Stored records

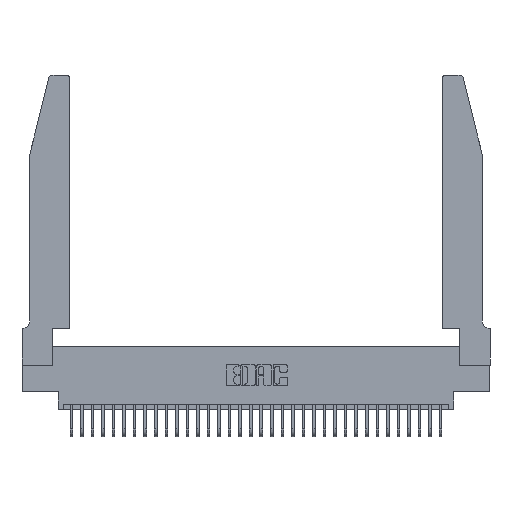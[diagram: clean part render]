
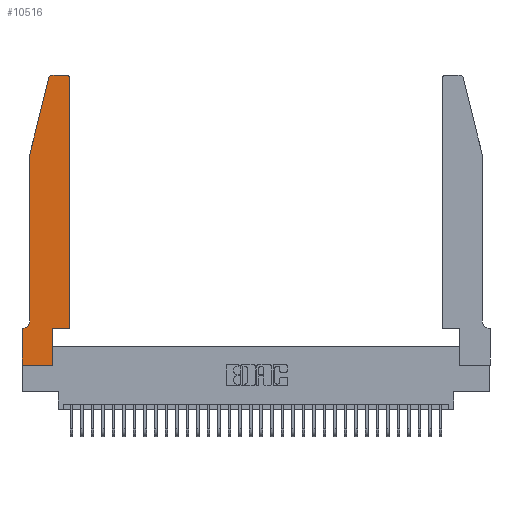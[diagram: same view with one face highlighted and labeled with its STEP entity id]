
A CAD part, top view. The second image highlights one B-rep face of the part: STEP entity #10516.
In plain terms, the highlighted planar face has unit normal (0, 0, 1).
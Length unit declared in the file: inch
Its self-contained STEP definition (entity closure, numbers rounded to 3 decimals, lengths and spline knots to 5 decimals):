
#22 = CARTESIAN_POINT ( 'NONE',  ( 0.0755, 0.35, 0.37 ) ) ;
#485 = DIRECTION ( 'NONE',  ( 1., 0., 0. ) ) ;
#836 = VECTOR ( 'NONE', #3372, 39.37008 ) ;
#1164 = CARTESIAN_POINT ( 'NONE',  ( 0.0055, 0.35, 0.37 ) ) ;
#2872 = EDGE_CURVE ( 'NONE', #33261, #30638, #35066, .T. ) ;
#3121 = ORIENTED_EDGE ( 'NONE', *, *, #19950, .T. ) ;
#3189 = VERTEX_POINT ( 'NONE', #32183 ) ;
#3253 = CARTESIAN_POINT ( 'NONE',  ( 0., 0., 0.37 ) ) ;
#3372 = DIRECTION ( 'NONE',  ( 0., -1., 0. ) ) ;
#3516 = CARTESIAN_POINT ( 'NONE',  ( 0.2865, 0.35, 0.37 ) ) ;
#3518 = DIRECTION ( 'NONE',  ( -0.239, -0.971, 0. ) ) ;
#4238 = VERTEX_POINT ( 'NONE', #5932 ) ;
#4482 = CARTESIAN_POINT ( 'NONE',  ( 0.4205, 2.72, 0.37 ) ) ;
#4884 = AXIS2_PLACEMENT_3D ( 'NONE', #33470, #8603, #485 ) ;
#4909 = CARTESIAN_POINT ( 'NONE',  ( 0.4505, 0.35, 0.37 ) ) ;
#5932 = CARTESIAN_POINT ( 'NONE',  ( 0.0755, 2., 0.37 ) ) ;
#6107 = ORIENTED_EDGE ( 'NONE', *, *, #21266, .T. ) ;
#7496 = EDGE_CURVE ( 'NONE', #20410, #33829, #29098, .T. ) ;
#7594 = ORIENTED_EDGE ( 'NONE', *, *, #7496, .T. ) ;
#7618 = DIRECTION ( 'NONE',  ( 1., 0., 0. ) ) ;
#8294 = VERTEX_POINT ( 'NONE', #26225 ) ;
#8315 = EDGE_CURVE ( 'NONE', #23739, #3189, #23421, .T. ) ;
#8603 = DIRECTION ( 'NONE',  ( 0., 0., 1. ) ) ;
#8765 = AXIS2_PLACEMENT_3D ( 'NONE', #22979, #28525, #14889 ) ;
#8795 = LINE ( 'NONE', #16451, #31531 ) ;
#9323 = LINE ( 'NONE', #18613, #22162 ) ;
#9563 = FACE_OUTER_BOUND ( 'NONE', #32442, .T. ) ;
#9990 = CARTESIAN_POINT ( 'NONE',  ( 0.0055, 0.42, 0.37 ) ) ;
#10406 = EDGE_CURVE ( 'NONE', #4238, #20410, #14295, .T. ) ;
#10516 = ADVANCED_FACE ( 'NONE', ( #9563 ), #17275, .T. ) ;
#11059 = EDGE_CURVE ( 'NONE', #30638, #4238, #13833, .T. ) ;
#12821 = ORIENTED_EDGE ( 'NONE', *, *, #30818, .T. ) ;
#12865 = AXIS2_PLACEMENT_3D ( 'NONE', #9990, #20838, #29127 ) ;
#13821 = LINE ( 'NONE', #32341, #24896 ) ;
#13833 = LINE ( 'NONE', #28067, #21541 ) ;
#14295 = LINE ( 'NONE', #22300, #836 ) ;
#14710 = CARTESIAN_POINT ( 'NONE',  ( 0., 0., 0.37 ) ) ;
#14797 = EDGE_CURVE ( 'NONE', #30714, #27840, #9323, .T. ) ;
#14836 = EDGE_CURVE ( 'NONE', #21456, #30714, #16207, .T. ) ;
#14889 = DIRECTION ( 'NONE',  ( 1., 0., 0. ) ) ;
#14911 = VECTOR ( 'NONE', #14963, 39.37008 ) ;
#14963 = DIRECTION ( 'NONE',  ( 1., 0., 0. ) ) ;
#15593 = VECTOR ( 'NONE', #16495, 39.37008 ) ;
#16207 = LINE ( 'NONE', #14710, #14911 ) ;
#16429 = VECTOR ( 'NONE', #7618, 39.37008 ) ;
#16451 = CARTESIAN_POINT ( 'NONE',  ( 0.2605, 2.75, 0.37 ) ) ;
#16495 = DIRECTION ( 'NONE',  ( -1., 0., 0. ) ) ;
#17273 = LINE ( 'NONE', #22, #15593 ) ;
#17275 = PLANE ( 'NONE',  #8765 ) ;
#17992 = DIRECTION ( 'NONE',  ( 1., 0., 0. ) ) ;
#18001 = VECTOR ( 'NONE', #29282, 39.37008 ) ;
#18300 = CARTESIAN_POINT ( 'NONE',  ( 0.4505, 2.72, 0.37 ) ) ;
#18613 = CARTESIAN_POINT ( 'NONE',  ( 0.2865, 0.35, 0.37 ) ) ;
#18812 = ORIENTED_EDGE ( 'NONE', *, *, #10406, .T. ) ;
#19950 = EDGE_CURVE ( 'NONE', #3189, #33261, #8795, .T. ) ;
#20410 = VERTEX_POINT ( 'NONE', #24964 ) ;
#20441 = CARTESIAN_POINT ( 'NONE',  ( 0.2865, 0., 0.37 ) ) ;
#20838 = DIRECTION ( 'NONE',  ( 0., 0., -1. ) ) ;
#20963 = DIRECTION ( 'NONE',  ( 0., 0., 1. ) ) ;
#21266 = EDGE_CURVE ( 'NONE', #33829, #35000, #17273, .T. ) ;
#21456 = VERTEX_POINT ( 'NONE', #3253 ) ;
#21541 = VECTOR ( 'NONE', #3518, 39.37008 ) ;
#22162 = VECTOR ( 'NONE', #26732, 39.37008 ) ;
#22300 = CARTESIAN_POINT ( 'NONE',  ( 0.0755, 2., 0.37 ) ) ;
#22979 = CARTESIAN_POINT ( 'NONE',  ( 0., 0.35, 0.37 ) ) ;
#23413 = AXIS2_PLACEMENT_3D ( 'NONE', #4482, #20963, #17992 ) ;
#23421 = CIRCLE ( 'NONE', #23413, 0.03 ) ;
#23739 = VERTEX_POINT ( 'NONE', #18300 ) ;
#23865 = CARTESIAN_POINT ( 'NONE',  ( 0., 0., 0.37 ) ) ;
#24411 = EDGE_CURVE ( 'NONE', #35000, #21456, #30014, .T. ) ;
#24760 = ORIENTED_EDGE ( 'NONE', *, *, #35561, .T. ) ;
#24896 = VECTOR ( 'NONE', #34705, 39.37008 ) ;
#24964 = CARTESIAN_POINT ( 'NONE',  ( 0.0755, 0.42, 0.37 ) ) ;
#25589 = CARTESIAN_POINT ( 'NONE',  ( 0.25487, 2.72718, 0.37 ) ) ;
#26225 = CARTESIAN_POINT ( 'NONE',  ( 0.4505, 0.35, 0.37 ) ) ;
#26732 = DIRECTION ( 'NONE',  ( 0., 1., 0. ) ) ;
#27840 = VERTEX_POINT ( 'NONE', #3516 ) ;
#28067 = CARTESIAN_POINT ( 'NONE',  ( 0.0755, 2., 0.37 ) ) ;
#28287 = ORIENTED_EDGE ( 'NONE', *, *, #2872, .T. ) ;
#28525 = DIRECTION ( 'NONE',  ( 0., 0., 1. ) ) ;
#29098 = CIRCLE ( 'NONE', #12865, 0.07 ) ;
#29127 = DIRECTION ( 'NONE',  ( -1., 0., 0. ) ) ;
#29282 = DIRECTION ( 'NONE',  ( 0., -1., 0. ) ) ;
#29499 = CARTESIAN_POINT ( 'NONE',  ( 0., 0.35, 0.37 ) ) ;
#29834 = ORIENTED_EDGE ( 'NONE', *, *, #24411, .T. ) ;
#30003 = ORIENTED_EDGE ( 'NONE', *, *, #8315, .T. ) ;
#30014 = LINE ( 'NONE', #23865, #18001 ) ;
#30215 = DIRECTION ( 'NONE',  ( -1., 0., 0. ) ) ;
#30638 = VERTEX_POINT ( 'NONE', #25589 ) ;
#30714 = VERTEX_POINT ( 'NONE', #20441 ) ;
#30818 = EDGE_CURVE ( 'NONE', #8294, #23739, #13821, .T. ) ;
#31531 = VECTOR ( 'NONE', #30215, 39.37008 ) ;
#32183 = CARTESIAN_POINT ( 'NONE',  ( 0.4205, 2.75, 0.37 ) ) ;
#32341 = CARTESIAN_POINT ( 'NONE',  ( 0.4505, 0.35, 0.37 ) ) ;
#32442 = EDGE_LOOP ( 'NONE', ( #3121, #28287, #34941, #18812, #7594, #6107, #29834, #35100, #34766, #24760, #12821, #30003 ) ) ;
#33261 = VERTEX_POINT ( 'NONE', #33996 ) ;
#33470 = CARTESIAN_POINT ( 'NONE',  ( 0.284, 2.72, 0.37 ) ) ;
#33829 = VERTEX_POINT ( 'NONE', #1164 ) ;
#33996 = CARTESIAN_POINT ( 'NONE',  ( 0.284, 2.75, 0.37 ) ) ;
#34375 = LINE ( 'NONE', #4909, #16429 ) ;
#34705 = DIRECTION ( 'NONE',  ( 0., 1., 0. ) ) ;
#34766 = ORIENTED_EDGE ( 'NONE', *, *, #14797, .T. ) ;
#34941 = ORIENTED_EDGE ( 'NONE', *, *, #11059, .T. ) ;
#35000 = VERTEX_POINT ( 'NONE', #29499 ) ;
#35066 = CIRCLE ( 'NONE', #4884, 0.03 ) ;
#35100 = ORIENTED_EDGE ( 'NONE', *, *, #14836, .T. ) ;
#35561 = EDGE_CURVE ( 'NONE', #27840, #8294, #34375, .T. ) ;

_REQUIRED ACTION:_
Reproduce only the lines of the records from the start up to and including the line that holds "#1164 = CARTESIAN_POINT"; do not carry over any picture.

_TASK RESULT:_
[diagram: clean part render]
[diagram: same view with one face highlighted and labeled with its STEP entity id]
A CAD part, top view. The second image highlights one B-rep face of the part: STEP entity #10516.
In plain terms, the highlighted planar face has unit normal (0, 0, 1).
Length unit declared in the file: inch
Its self-contained STEP definition (entity closure, numbers rounded to 3 decimals, lengths and spline knots to 5 decimals):
#22 = CARTESIAN_POINT ( 'NONE',  ( 0.0755, 0.35, 0.37 ) ) ;
#485 = DIRECTION ( 'NONE',  ( 1., 0., 0. ) ) ;
#836 = VECTOR ( 'NONE', #3372, 39.37008 ) ;
#1164 = CARTESIAN_POINT ( 'NONE',  ( 0.0055, 0.35, 0.37 ) ) ;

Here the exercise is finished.